┏━━
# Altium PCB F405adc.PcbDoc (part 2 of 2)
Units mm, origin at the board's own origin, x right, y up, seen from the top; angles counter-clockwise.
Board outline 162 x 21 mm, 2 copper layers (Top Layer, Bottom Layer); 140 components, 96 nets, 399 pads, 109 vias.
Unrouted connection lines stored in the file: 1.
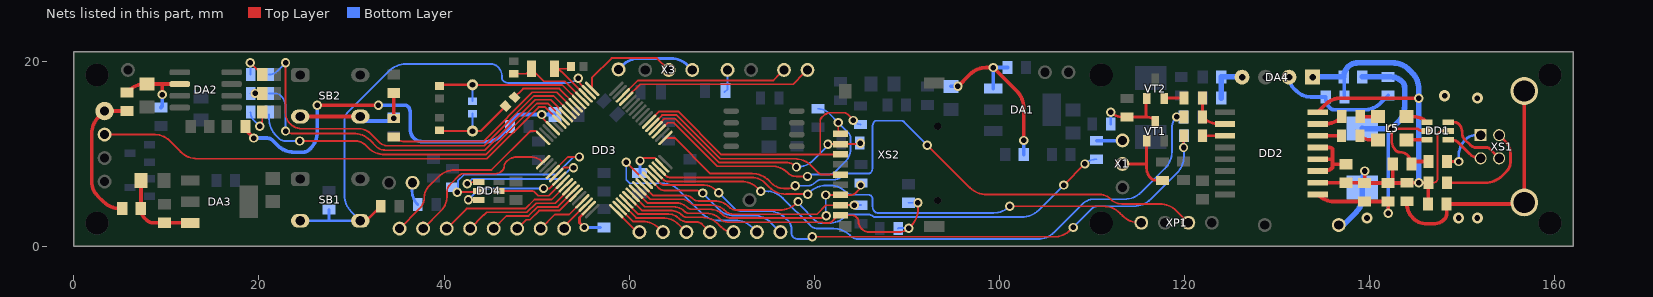
[diagram p2: the nets of this part, all layers, seen from the top]

## Via types
v1: diameter 1, hole 0.6, Top Layer to Bottom Layer, 98 vias
v2: diameter 1.2, hole 0.6, Top Layer to Bottom Layer, 11 vias

## Nets (pads, with @x,y where several pads share a name; then routed paths per layer and width w, separated by ;. In a path a pad name is that pad's centre, name@x,y a point inside that pad or via, vN(x,y) a via of type N, cw(c..) or ccw(c..) an arc to the next point about the centre after c; other vN are vias at no path point) (continued)
GND_BUS: C1.1 C2.1 C7.2 C8.2 C9.1 C36.2 C38.2 C40.2 C41.1 DA4.1 DD1.2 DD2.2 DD2.8 L2.2 R1.1 | length 69.6
  Top Layer w0.2: L2.2@146.354,6.858 146.904,6.858 ccw(c146.904,7.292) 147.211,6.985 ccw(c146.904,7.292) 147.338,7.292 147.338,12.012 cw(c147.772,12.012) 147.465,12.319 cw(c147.781,12.003) 147.781,12.45 DD1.2@148.5,12.45
  Top Layer w0.4: DD2.2@134.384,6.858 C9.1@137.432,6.858 139.387,6.858 cw(c139.387,6.749) C7.2@139.464,6.826 ; DD2.8@134.384,14.478 135.19,15.284 cw(c136.924,13.549) 136.924,16.002 v1(145.306,16.002) ; v1(139.464,8.128) C7.2@139.464,6.826 ; C2.1@142.512,9.144 C8.2@142.512,6.826 ; C1.1@146.322,4.572 ccw(c146.245,4.649) 146.354,4.649 L2.2@146.354,6.858 v1(145.322,6.858) 144.29,6.858 cw(c144.213,6.935) 144.213,6.826 C8.2@142.512,6.826 ; C7.2@139.464,6.826 C8.2@142.004,6.826 C8.2@142.512,6.826
  Bottom Layer w0.4: C36.2@137.21,18.288 cw(c137.058,18.136) 137.273,18.136 C40.2@137.273,16.129 ; C38.2@139.21,6.325 139.21,7.515 cw(c140.077,7.515) v1(139.464,8.128)
  Bottom Layer w0.6: DA4.1@133.836,18.268 cw(c133.884,18.22) 133.884,18.288 C36.2@137.21,18.288 cw(c138.734,18.288) 138.734,19.812 142.476,19.812 cw(c142.476,17.272) 144.272,19.068 144.578,18.762 cw(c142.782,16.966) 145.322,16.966 145.322,15.963 v1(145.322,6.858) ; C41.1@137.178,2.286 138.466,3.574 ccw(c136.67,5.37) 139.21,5.37 C38.2@139.21,6.325
  other v2: 139.718,3.048 149.624,3.048 151.656,3.048 151.656,16.002 148.1,16.256
IN_COUNT: 4.1 DD3.11 | length 53
  Top Layer w0.2: 4.1@3.32,12.065 8.772,12.065 cw(c8.772,9.897) 10.305,11.43 11.539,10.196 ccw(c13.335,11.992) 13.335,9.452 44.626,9.452 50.206,15.032 50.929,15.032 52.432,13.53 52.432,13.464 DD3.11@52.464,13.464
LED0: DD3.8 R28.1 | length 42.9
  Top Layer w0.2: v1(22.878,19.812) 22.878,14.434 ccw(c24.612,14.434) 23.386,13.208 ccw(c24.612,14.434) 24.612,12.7 30.796,12.7 cw(c30.796,10.966) 32.022,12.192 32.933,11.281 ccw(c33.976,12.325) 33.976,10.849 44.326,10.849 49.709,16.232 51.851,16.232 53.493,14.59 53.493,14.525 DD3.8@53.525,14.525
  Bottom Layer w0.2: R28.1@21.1,18.542 ccw(c21.1,19.768) 21.967,18.901 v1(22.878,19.812)
LED1: DD3.9 R29.1 | length 39.2
  Top Layer w0.2: v1(22.878,12.446) ccw(c23.491,13.059) 23.491,12.192 30.208,12.192 cw(c30.208,9.652) 32.004,11.448 32.7,10.752 ccw(c33.584,11.637) 33.584,10.386 33.594,10.376 44.418,10.376 49.874,15.832 51.511,15.832 DD3.9@53.172,14.172
  Bottom Layer w0.2: R29.1@21.1,16.51 21.757,16.51 cw(c21.757,15.643) 22.37,16.256 cw(c21.144,15.03) 22.878,15.03 v1(22.878,12.446)
LED2: DD3.10 R30.1 | length 37.3
  Top Layer w0.2: v1(24.402,11.372) 30.428,11.372 cw(c30.428,9.836) 31.514,10.922 31.786,10.65 ccw(c33.582,12.446) 33.582,9.906 44.514,9.906 50.04,15.432 51.204,15.432 DD3.10@52.818,13.818
  Bottom Layer w0.2: R30.1@21.1,14.224 21.1,13.752 ccw(c23.64,13.752) 21.844,11.956 22.116,11.684 ccw(c22.869,12.437) 22.869,11.372 v1(24.402,11.372) 24.402,11.176 v1@24.364,11.138
NetC1_2: C1.2 R1.2 XS1.5 XS1.6 | length 27.9
  Top Layer w0.4: R1.2@144.036,4.858 144.036,4.581 ccw(c146.204,4.581) 144.671,3.048 ccw(c146.204,4.581) 146.204,2.413 146.874,2.413 ccw(c146.874,4.147) 148.1,2.921 ccw(c147.564,3.457) 148.322,3.457 C1.2@148.322,4.572 156.329,4.572 ccw(c156.329,5.111) XS1.6@156.71,4.73 XS1.5@156.71,16.77
NetC3_1: C3.1 C5.1 DA2.2 L3.2 | length 8.6
  Top Layer w0.4: L3.2@5.733,16.605 5.91,16.782 cw(c7.706,14.986) 7.706,17.526 C5.1@7.892,17.526 9.543,17.526 ; v1(9.543,16.383) 9.543,17.526 ; DA2.2@11.442,17.526 9.543,17.526
  Bottom Layer w0.4: C3.1@9.416,14.986 ccw(c9.109,15.293) 9.543,15.293 v1(9.543,16.383)
NetC4_1: C4.1 C6.1 DA1.3 L4.2 | length 19.8
  Top Layer w0.4: v1(95.522,17.272) 96.81,18.56 cw(c98.606,16.764) 98.606,19.304 v1(99.332,19.304) 101.89,16.746 cw(c100.094,14.95) 102.634,14.95 v1(102.634,11.43)
  Bottom Layer w0.4: C6.1@94.76,17.272 v1(95.522,17.272) ; DA1.3@99.332,17.046 v1(99.332,19.304) L4.2@100.888,19.304 ; C4.1@102.634,9.906 v1(102.634,11.43)
NetC9_2: C9.2 DD2.3 DD2.4 DD2.5 | length 8.5
  Top Layer w0.4: DD2.3@134.384,8.128 135.102,8.128 ccw(c135.102,9.398) 136,8.5 136,8.89 ; DD2.4@134.384,9.398 135.754,9.398 ccw(c135.754,9.746) 136,9.5 ; DD2.5@134.384,10.668 135.594,10.668 cw(c135.594,10.094) 136,10.5 136,9.5 ; C9.2@137.432,8.858 136.077,8.858 cw(c136.077,8.967) 136,8.89 ; 136,8.89 136,9.5
NetC12_2: C12.2 R9.1 R10.2 SB2.3 SB2.4 | length 12.7
  Top Layer w0.4: SB2.3@24.454,14.006 SB2.4@30.954,14.006 ; v1(34.562,13.811) C12.2@34.562,16.542
  Bottom Layer w0.4: SB2.4@30.961,13.531 30.954,13.523 R9.1@34.404,13.523
NetC21_2: C21.2 R14.2 R17.2 ZQ2.1 | length 10
  Top Layer w0.254: C21.2@39.515,12.533 ccw(c39.725,12.743) 39.725,12.446 ZQ2.1@43.071,12.446 43.96,12.446 R17.2@46.531,15.017
  Bottom Layer w0.254: ZQ2.1@43.071,12.446 R14.2@43.071,14.311
NetC24_1: C24.1 C26.1 DD3.13 L7.2 | length 45.3
  Top Layer w0.2: v1(50.564,14.224) 50.564,13.951 DD3.13@51.757,12.757
  Top Layer w0.4: L7.2@18.528,12.954 ccw(c19.371,12.954) 18.775,12.358 v1(19.449,11.684) ; v1(26.307,15.24) v1(32.911,15.24)
  Bottom Layer w0.4: v1(19.449,11.684) 20.868,11.684 cw(c20.868,10.817) 21.481,11.43 22.007,10.904 ccw(c23.803,12.7) 23.803,10.16 24.805,10.16 ccw(c24.805,11.027) 25.418,10.414 25.563,10.559 ccw(c23.767,12.355) 26.307,12.355 v1(26.307,15.24) ; v1(32.911,15.24) 35.779,15.24 cw(c35.779,14.806) 36.086,15.113 cw(c35.473,14.5) 36.34,14.5 36.34,12.604 ccw(c37.641,12.604) 36.721,11.684 ccw(c37.641,12.604) 37.641,11.303 44.595,11.303 ccw(c44.595,13.449) 46.113,11.932 C26.1@47.135,12.954 cw(c48.361,12.954) 47.494,13.821 47.643,13.97 cw(c48.256,13.357) 48.256,14.224 v1(50.564,14.224) C24.1@51.961,14.224
NetC27_1: C27.1 C28.1 DA3.3 L6.2 | length 9.3
  Top Layer w0.4: C28.1@7.257,7.112 7.257,4.141 cw(c7.148,4.141) L6.2@7.225,4.064 ccw(c8.681,4.064) 7.651,3.035 7.892,2.794 ccw(c8.505,3.407) 8.505,2.54 C27.1@9.797,2.54 12.523,2.54 cw(c12.523,2.444) DA3.3@12.591,2.512
NetC40_1: C40.1 DA4.2 L8.2 | length 13.3
  Bottom Layer w0.4: DA4.2@131.296,18.268 ccw(c132.991,18.268) 131.792,17.07 132.098,16.764 ccw(c133.631,18.297) 133.631,16.129 C40.1@135.273,16.129 135.273,15.906 ccw(c136.574,15.906) 135.654,14.986 ccw(c136.267,15.599) 136.267,14.732 139.396,14.732 ccw(c139.396,17.272) 141.192,15.476 L8.2@142.004,16.288
NetC43_1: C43.1 DA4.4 L9.1 | length 4.5
  Bottom Layer w0.6: C43.1@123.97,16.002 L9.1@123.97,18.288 126.168,18.288 cw(c126.168,18.22) DA4.4@126.216,18.268
NetDD1_1: DD1.1 XS1.2 | length 4.2
  Top Layer w0.3: DD1.1@148.5,11.5 148.842,11.5 cw(c148.842,10.394) 149.624,11.176 150.805,9.995 ccw(c152,11.19) XS1.2@152,9.5
NetDD1_3: DD1.3 XS1.3 | length 7.5
  Top Layer w0.3: DD1.3@148.5,13.4 149.16,13.4 cw(c149.16,12.744) 149.624,13.208 cw(c148.704,12.288) 150.005,12.288 150.005,12.192 ccw(c150.925,12.192) 150.274,11.542 150.894,10.922 ccw(c151.507,11.535) 151.507,10.668 152.672,10.668 cw(c152.672,10.282) 152.945,10.555 XS1.3@154,9.5
NetDD1_4: DD1.4 L5.2 | length 2.4
  Top Layer w0.4: L5.2@144,14 144.751,14 cw(c144.751,11.951) DD1.4@146.2,13.4
NetDD1_6: DD1.6 L5.1 | length 2.2
  Top Layer w0.4: L5.1@144,11.5 DD1.6@146.2,11.5
NetDD2_6: DD2.6 R4.2 | length 2.6
  Top Layer w0.4: DD2.6@134.384,11.938 R4.2@136.956,11.938
NetDD2_7: DD2.7 R6.2 | length 2.8
  Top Layer w0.4: DD2.7@134.384,13.208 135.156,13.208 ccw(c135.156,15.748) 136.952,13.952 R6.2@137,14
NetDD2_10: DD2.10 R11.1 R13.1 | length 4.7
  Top Layer w0.3: R11.1@121.938,16.002 R13.1@121.938,13.97 121.956,13.952 ccw(c123.752,15.748) 123.752,13.208 DD2.10@124.384,13.208
NetDD2_11: DD2.11 R12.1 | length 2.4
  Top Layer w0.3: R12.1@121.938,11.938 DD2.11@124.384,11.938
NetE1_1: pad.1 X3.1 | length 8.8
  Bottom Layer w0.3: pad.1@58.854,19.116 59.289,19.551 cw(c61.085,17.755) 61.085,20.295 64.523,20.295 cw(c64.523,17.755) 66.319,19.551 X3.1@66.82,19.05
NetHL1_2: HL1.2 R28.2 | length 3.1
  Top Layer w0.2: v1(19.068,19.812) 19.08,19.812 HL1.2@20.35,18.542
  Bottom Layer w0.2: v1(19.068,19.812) cw(c18.991,19.735) 19.1,19.735 R28.2@19.1,18.542
NetHL2_2: HL2.2 R29.2 | length 0
  Bottom Layer w0.2: R29.2@19.068,16.51 R29.2@19.1,16.51
  other v1: 19.576,16.51
NetHL3_2: HL3.2 R30.2 | length 3.5
  Top Layer w0.2: v1(20.084,12.954) ccw(c19.442,13.596) 20.35,13.596 HL3.2@20.35,14.478
  Bottom Layer w0.2: R30.2@19.1,14.478 ccw(c20.404,14.478) 19.482,13.556 v1(20.084,12.954)
NetL1_1: L1.1 XS1.1 | length 5.6
  Top Layer w0.3: L1.1@148.354,9.144 v1(149.624,9.144)
  Bottom Layer w0.3: v1(149.624,9.144) 149.624,9.743 cw(c152.164,9.743) 150.368,11.539 150.386,11.557 cw(c151.456,10.488) 151.456,12 XS1.1@152,12
NetL2_1: L2.1 XS1.4 | length 11.3
  Top Layer w0.3: L2.1@148.354,6.858 152.509,6.858 ccw(c152.509,9.398) 154.305,7.602 154.831,8.128 ; XS1.4@154,12 154.678,11.322 cw(c153.389,10.033) 155.212,10.033 155.212,9.048 cw(c153.911,9.048) 154.831,8.128
NetL5_3: L5.3 R6.1 | length 1.9
  Top Layer w0.4: R6.1@139,14 L5.3@140.9,14
NetL5_4: L5.4 R4.1 | length 2.1
  Top Layer w0.4: R4.1@138.956,11.938 ccw(c140.013,12.995) 140.013,11.5 L5.4@140.9,11.5
NetR2_2: R2.2 X1.1 | length 2.8
  Bottom Layer w0.4: R2.2@110.508,11.398 113.225,11.398 ccw(c113.225,11.507) X1.1@113.302,11.43
NetR3_1: R3.1 VT1.1 X1.2 | length 8.1
  Top Layer w0.3: X1.2@113.302,8.89 115.908,8.89 ; VT1.1@115.908,11.396 115.908,8.89 ; R3.1@117.62,7.112 116.963,7.112 cw(c116.963,7.979) 116.35,7.366 cw(c117.417,8.433) 115.908,8.433 115.908,8.89
NetR5_1: R5.1 R7.1 VT1.3 VT2.1 | length 8.4
  Top Layer w0.3: v1(112.032,14.478) ccw(c113.258,15.704) 113.258,13.97 R7.1@113.81,13.97 115.842,13.97 ; VT2.1@115.908,15.968 ccw(c116.067,15.809) 115.842,15.809 115.842,13.97 ; VT1.3@116.858,13.496 116.767,13.587 ccw(c115.842,12.662) 115.842,13.97
  Bottom Layer w0.3: R5.1@112.032,13.208 v1(112.032,14.478)
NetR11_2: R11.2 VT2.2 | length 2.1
┗━━
**Exercise aim**
Lines above that include the string "from" need to be copied.

**Solution**
Units mm, origin at the board's own origin, x right, y up, seen from the top; angles counter-clockwise.
[diagram p2: the nets of this part, all layers, seen from the top]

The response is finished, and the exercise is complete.